BSC's MarIA project wins the Archiletras de la Lengua award for innovation

15 July 2022

It is a massive artificial intelligence system, expert in understanding and writing in Spanish, created from the digital documentary heritage of the National Library of Spain.

The MarIA project, the language modeling system created at the Barcelona Supercomputing Center - Centro Nacional de Supercomputación (BSC-CNS) from the web archives of the National Library of Spain (BNE), and framed and funded by the Language Technologies Plan of the State Secretariat for Digitalization and Artificial Intelligence (SEDIA), has been awarded the Innovation Prize at the first edition of the Archiletras de la Lengua awards.

The annual Archiletras awards, organized by the publishing house Prensa y Servicios de la Lengua, recognize merits in the promotion, support, research and development of the Spanish language or any of the other languages in contact with Spanish in any of its territorial spheres.

The award was presented last Thursday at Casa América in Madrid, in a ceremony in which the BSC was represented by Marta Villegas, head of the project and leader of the BSC's Text Mining Unit, who received the award from Carme Artigas, Secretary of State for Digitalization and Artificial Intelligence.

"Receiving the Archiletras award makes us especially happy. It is an honor and a recognition to the team of enthusiastic professionals at the BSC who, in collaboration with the BNE and SEDIA, have worked to ensure that Spanish has sufficient and quality language resources," said Marta Villegas.

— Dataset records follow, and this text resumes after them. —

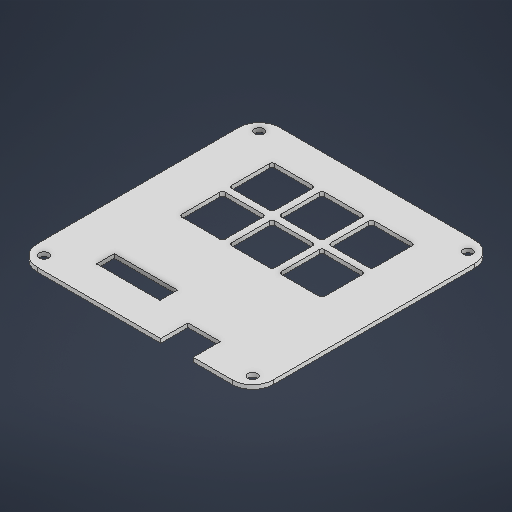
# Autodesk Inventor part: case top
Saved by Autodesk Inventor 2026 (Build 300175050, 175E)
## iProperties
Created: 2025-06-25
Part Number: case top
Material: Generic
Document SubType Name: Modeling
Designer: shlinke
Density: 1 g/cm^3
Appearance: Default
Autodesk Inventor part; units mm, degrees
ref_plane "YZ Plane" through (0, 0, 0) normal (1, 0, 0) x (0, 1, 0)
ref_plane "XZ Plane" through (0, 0, 0) normal (0, 1, 0) x (-1, 0, 0)
ref_plane "XY Plane" through (0, 0, 0) normal (0, 0, 1) x (1, 0, 0)
sketch "Sketch3" plane through (0, 0, 0) normal (0, 1, 0) x (-1, 0, 0)
  line L0 (-25.241, 1.984) -> (-11.271, 1.984)
  line L1 (-25.241, -13.891) -> (-11.271, -13.891)
  line L2 (-26.1935, 1.0315) -> (-26.1935, -12.9385)
  line L3 (-10.3185, 1.0315) -> (-10.3185, -12.9385)
  arc A0 (-25.241, 1.984) -> (-26.1935, 1.0315) centre (-25.241, 1.0315) ccw
  arc A1 (-10.3185, 1.0315) -> (-11.271, 1.984) centre (-11.271, 1.0315) ccw
  arc A2 (-26.1935, -12.9385) -> (-25.241, -13.891) centre (-25.241, -12.9385) ccw
  arc A3 (-11.271, -13.891) -> (-10.3185, -12.9385) centre (-11.271, -12.9385) ccw
  line L4 (-6.985, 1.984) -> (6.985, 1.984)
  line L5 (-6.985, -13.891) -> (6.985, -13.891)
  line L6 (-7.9375, 1.0315) -> (-7.9375, -12.9385)
  line L7 (7.9375, 1.0315) -> (7.9375, -12.9385)
  arc A4 (-6.985, 1.984) -> (-7.9375, 1.0315) centre (-6.985, 1.0315) ccw
  arc A5 (7.9375, 1.0315) -> (6.985, 1.984) centre (6.985, 1.0315) ccw
  arc A6 (-7.9375, -12.9385) -> (-6.985, -13.891) centre (-6.985, -12.9385) ccw
  arc A7 (6.985, -13.891) -> (7.9375, -12.9385) centre (6.985, -12.9385) ccw
  line L8 (11.271, 1.984) -> (25.241, 1.984)
  line L9 (11.271, -13.891) -> (25.241, -13.891)
  line L10 (10.3185, 1.0315) -> (10.3185, -12.9385)
  line L11 (26.1935, 1.0315) -> (26.1935, -12.9385)
  arc A8 (11.271, 1.984) -> (10.3185, 1.0315) centre (11.271, 1.0315) ccw
  arc A9 (26.1935, 1.0315) -> (25.241, 1.984) centre (25.241, 1.0315) ccw
  arc A10 (10.3185, -12.9385) -> (11.271, -13.891) centre (11.271, -12.9385) ccw
  arc A11 (25.241, -13.891) -> (26.1935, -12.9385) centre (25.241, -12.9385) ccw
  line L12 (-25.241, -16.272) -> (-11.271, -16.272)
  line L13 (-25.241, -32.147) -> (-11.271, -32.147)
  line L14 (-26.1935, -17.2245) -> (-26.1935, -31.1945)
  line L15 (-10.3185, -17.2245) -> (-10.3185, -31.1945)
  arc A12 (-25.241, -16.272) -> (-26.1935, -17.2245) centre (-25.241, -17.2245) ccw
  arc A13 (-10.3185, -17.2245) -> (-11.271, -16.272) centre (-11.271, -17.2245) ccw
  arc A14 (-26.1935, -31.1945) -> (-25.241, -32.147) centre (-25.241, -31.1945) ccw
  arc A15 (-11.271, -32.147) -> (-10.3185, -31.1945) centre (-11.271, -31.1945) ccw
  line L16 (-6.985, -16.272) -> (6.985, -16.272)
  line L17 (-6.985, -32.147) -> (6.985, -32.147)
  line L18 (-7.9375, -17.2245) -> (-7.9375, -31.1945)
  line L19 (7.9375, -17.2245) -> (7.9375, -31.1945)
  arc A16 (-6.985, -16.272) -> (-7.9375, -17.2245) centre (-6.985, -17.2245) ccw
  arc A17 (7.9375, -17.2245) -> (6.985, -16.272) centre (6.985, -17.2245) ccw
  arc A18 (-7.9375, -31.1945) -> (-6.985, -32.147) centre (-6.985, -31.1945) ccw
  arc A19 (6.985, -32.147) -> (7.9375, -31.1945) centre (6.985, -31.1945) ccw
  line L20 (11.271, -16.272) -> (25.241, -16.272)
  line L21 (11.271, -32.147) -> (25.241, -32.147)
  line L22 (10.3185, -17.2245) -> (10.3185, -31.1945)
  line L23 (26.1935, -17.2245) -> (26.1935, -31.1945)
  arc A20 (11.271, -16.272) -> (10.3185, -17.2245) centre (11.271, -17.2245) ccw
  arc A21 (26.1935, -17.2245) -> (25.241, -16.272) centre (25.241, -17.2245) ccw
  arc A22 (10.3185, -31.1945) -> (11.271, -32.147) centre (11.271, -31.1945) ccw
  arc A23 (25.241, -32.147) -> (26.1935, -31.1945) centre (25.241, -31.1945) ccw
  line L24 (-33.3375, -34.528) -> (33.3375, -34.528)
  line L25 (-33.3375, 34.528) -> (33.3375, 34.528)
  line L26 (-33.3375, -34.528) -> (-33.3375, 34.528)
  line L27 (33.3375, -34.528) -> (33.3375, 34.528)
  line L28 (-33.3375, 34.528) -> (-22.4409, 34.528) construction
  line L29 (-22.4409, 34.528) -> (-3.9497, 34.528)
  line L30 (-43.3375, -44.528) -> (43.3375, -44.528)
  line L31 (43.3375, -44.528) -> (43.3375, 44.528)
  line L32 (43.3375, 44.528) -> (-43.3375, 44.528)
  line L33 (-43.3375, 44.528) -> (-43.3375, -44.528)
  circle A24 centre (-38.3375, -39.528) radius 1.7
  circle A25 centre (38.3375, -39.528) radius 1.7
  circle A26 centre (-38.3375, 39.528) radius 1.7
  circle A27 centre (38.3375, 39.528) radius 1.7
  line L34 (-22.4409, 34.528) -> (-3.9409, 34.528)
  line L35 (-21.4315, 34.528) -> (-9.5255, 34.528)
  line L36 (-9.5255, 34.528) -> (-9.5255, 48.1303)
  line L37 (-9.5255, 48.1303) -> (-21.4315, 48.1303)
  line L38 (-21.4315, 48.1303) -> (-21.4315, 34.528)
  line L39 (2.7875, 26.028) -> (26.0375, 26.028)
  line L40 (26.0375, 26.028) -> (26.0375, 32.528)
  line L41 (26.0375, 32.528) -> (2.7875, 32.528)
  line L42 (2.7875, 32.528) -> (2.7875, 26.028)
  point P0 (0, 0)
  point P1 (-10.3185, -5.9535)
  point P2 (0, 0)
  point P3 (-21.4315, 44.528)
  point P4 (-9.5255, 44.528)
  point P5 (-9.5255, 34.528)
  dimension "d13" = 2.381
  dimension "d14" = 7.144
  dimension "d15" = 66.675
  dimension "d16" = 69.056
  dimension "d17" = 7.144
  dimension "d18" = 13.97
  dimension "d19" = 13.97
  dimension "d20" = 2.381
  dimension "d21" = 13.97
  dimension "d22" = 13.97
  dimension "d23" = 13.97
  dimension "d24" = 2.381
  dimension "d25" = 2.381
  dimension "d46" = 10
  dimension "d47" = 10
  dimension "d48" = 3.4
  dimension "d49" = 3.4
  dimension "d50" = 3.4
  dimension "d51" = 3.4
  dimension "d52" = 5
  dimension "d53" = 5
  dimension "d54" = 5
  dimension "d55" = 5
  dimension "d56" = 5
  dimension "d57" = 5
  dimension "d58" = 5
  dimension "d59" = 5
  dimension "d62" = 11.906
  dimension "d66" = 23.25
  dimension "d67" = 6.5
  dimension "d72" = 7.3
  dimension "d73" = 2
  dimension "d74" = 10
  constraints: 86 end point, 66 tangent, 48 point on circle, 28 centre point, 23 equal radius, 20 parallel, 11 perpendicular, 6 horizontal, 1 coincident, 1 collinear, 1 midpoint, 1 point on line
  measures "d13" distance between parallel lines of L24 L13
  measures "d14" distance between parallel lines of L26 L14
  measures "d15" distance of L24.start L24.end
  measures "d16" distance of L24.start L26.end
  measures "d17" distance between parallel lines of L27 L23
  measures "d18" distance of L23.start L23.end
  measures "d19" distance of L21.start L21.end
  measures "d20" distance between parallel lines of L5 L16
  measures "d21" distance of L3.start L3.end
  measures "d22" distance of L1.start L1.end
  measures "d23" distance of L5.start L5.end
  measures "d24" distance between parallel lines of L10 L7
  measures "d25" distance from line of point (-10.318, -5.953) L6
  measures "d46" distance between parallel lines of L31 L27
  measures "d47" distance between parallel lines of L32 L25
  measures "d48" diameter of A24
  measures "d49" diameter of A25
  measures "d50" diameter of A26
  measures "d51" diameter of A27
  measures "d52" distance from line of L32 A26.centre
  measures "d53" distance from line of L33 A26.centre
  measures "d54" distance from line of L32 A27.centre
  measures "d55" distance from line of L31 A27.centre
  measures "d56" distance from line of L31 A25.centre
  measures "d57" distance from line of L30 A25.centre
  measures "d58" distance from line of L30 A24.centre
  measures "d59" distance from line of L33 A24.centre
  measures "d62" distance of L37.end L36.end
  measures "d66" distance of L41.end L40.end
  measures "d67" distance of L39.end L40.end
  measures "d72" distance between parallel lines of L27 L40
  measures "d73" distance between parallel lines of L25 L41
  measures "d74" distance between parallel lines of L33 L26
extrude "Extrusion4" add sketch "Sketch3" along normal blind 1.5 contours L26 L25 L27 L24 | L24 L27 L25 L36 L32 L31 L30 L33 L38 L26
fillet "Fillet4" radius 7.5 4 edges at (-43.3375, 0.75, -44.528) (-43.3375, 0.75, 44.528) (43.3375, 0.75, -44.528) (43.3375, 0.75, 44.528)
body "Solid4"

MarIA won in the jury's final vote over the other two finalists, the mobile application Dialectos del Español, designed to detect and predict general and characteristic features of all the dialects of the Spanish-speaking world, and Euskal Herriko Ahotsak (Voices of the Basque Country), a project that compiles and disseminates the Basque oral and dialectal cultural heritage.

MarIA places the Spanish language among the languages with massive open access models.

The MarIA project is a massive artificial intelligence system with expertise in understanding and writing in Spanish. Due to its volume and capabilities, it has placed the Spanish language among the group of languages with massive open access models, after English and Mandarin.

A language model is an artificial intelligence system formed by a deep neural network trained to acquire an understanding of the language, its lexicon and its mechanisms for expressing meaning and writing like a human.

These complex statistical models, which relate words in texts in a systematic and massive way, are able to "understand" not only abstract concepts, but also their context. With these models, developers of different applications can create tools for multiple uses, such as classifying documents or creating proofreaders or translation tools.

MarIA has been built from the BNE's digital documentary heritage, which crawls and archives Spanish-language websites, and has been trained with the BSC's MareNostrum 4 supercomputer. It is published openly so that application developers, companies, research groups and society in general can use it for an infinite number of purposes.

MarIA's latest advances are a milestone in the achievement of the objectives of the National Artificial Intelligence Strategy and the Recovery, Transformation and Resilience Plan, with which Spain aims to lead the world in the development of tools, technologies and applications for the projection and use of the Spanish language in the fields of application of AI.

MarIA is also linked to the Strategic Project for the Recovery and Economic Transformation (PERTE) New Economy of the Language, proposed as an opportunity to take advantage of the potential of Spanish and the co-official languages as a factor for economic growth and international competitiveness in areas such as artificial intelligence, translation, learning, cultural dissemination, audiovisual production, research and science.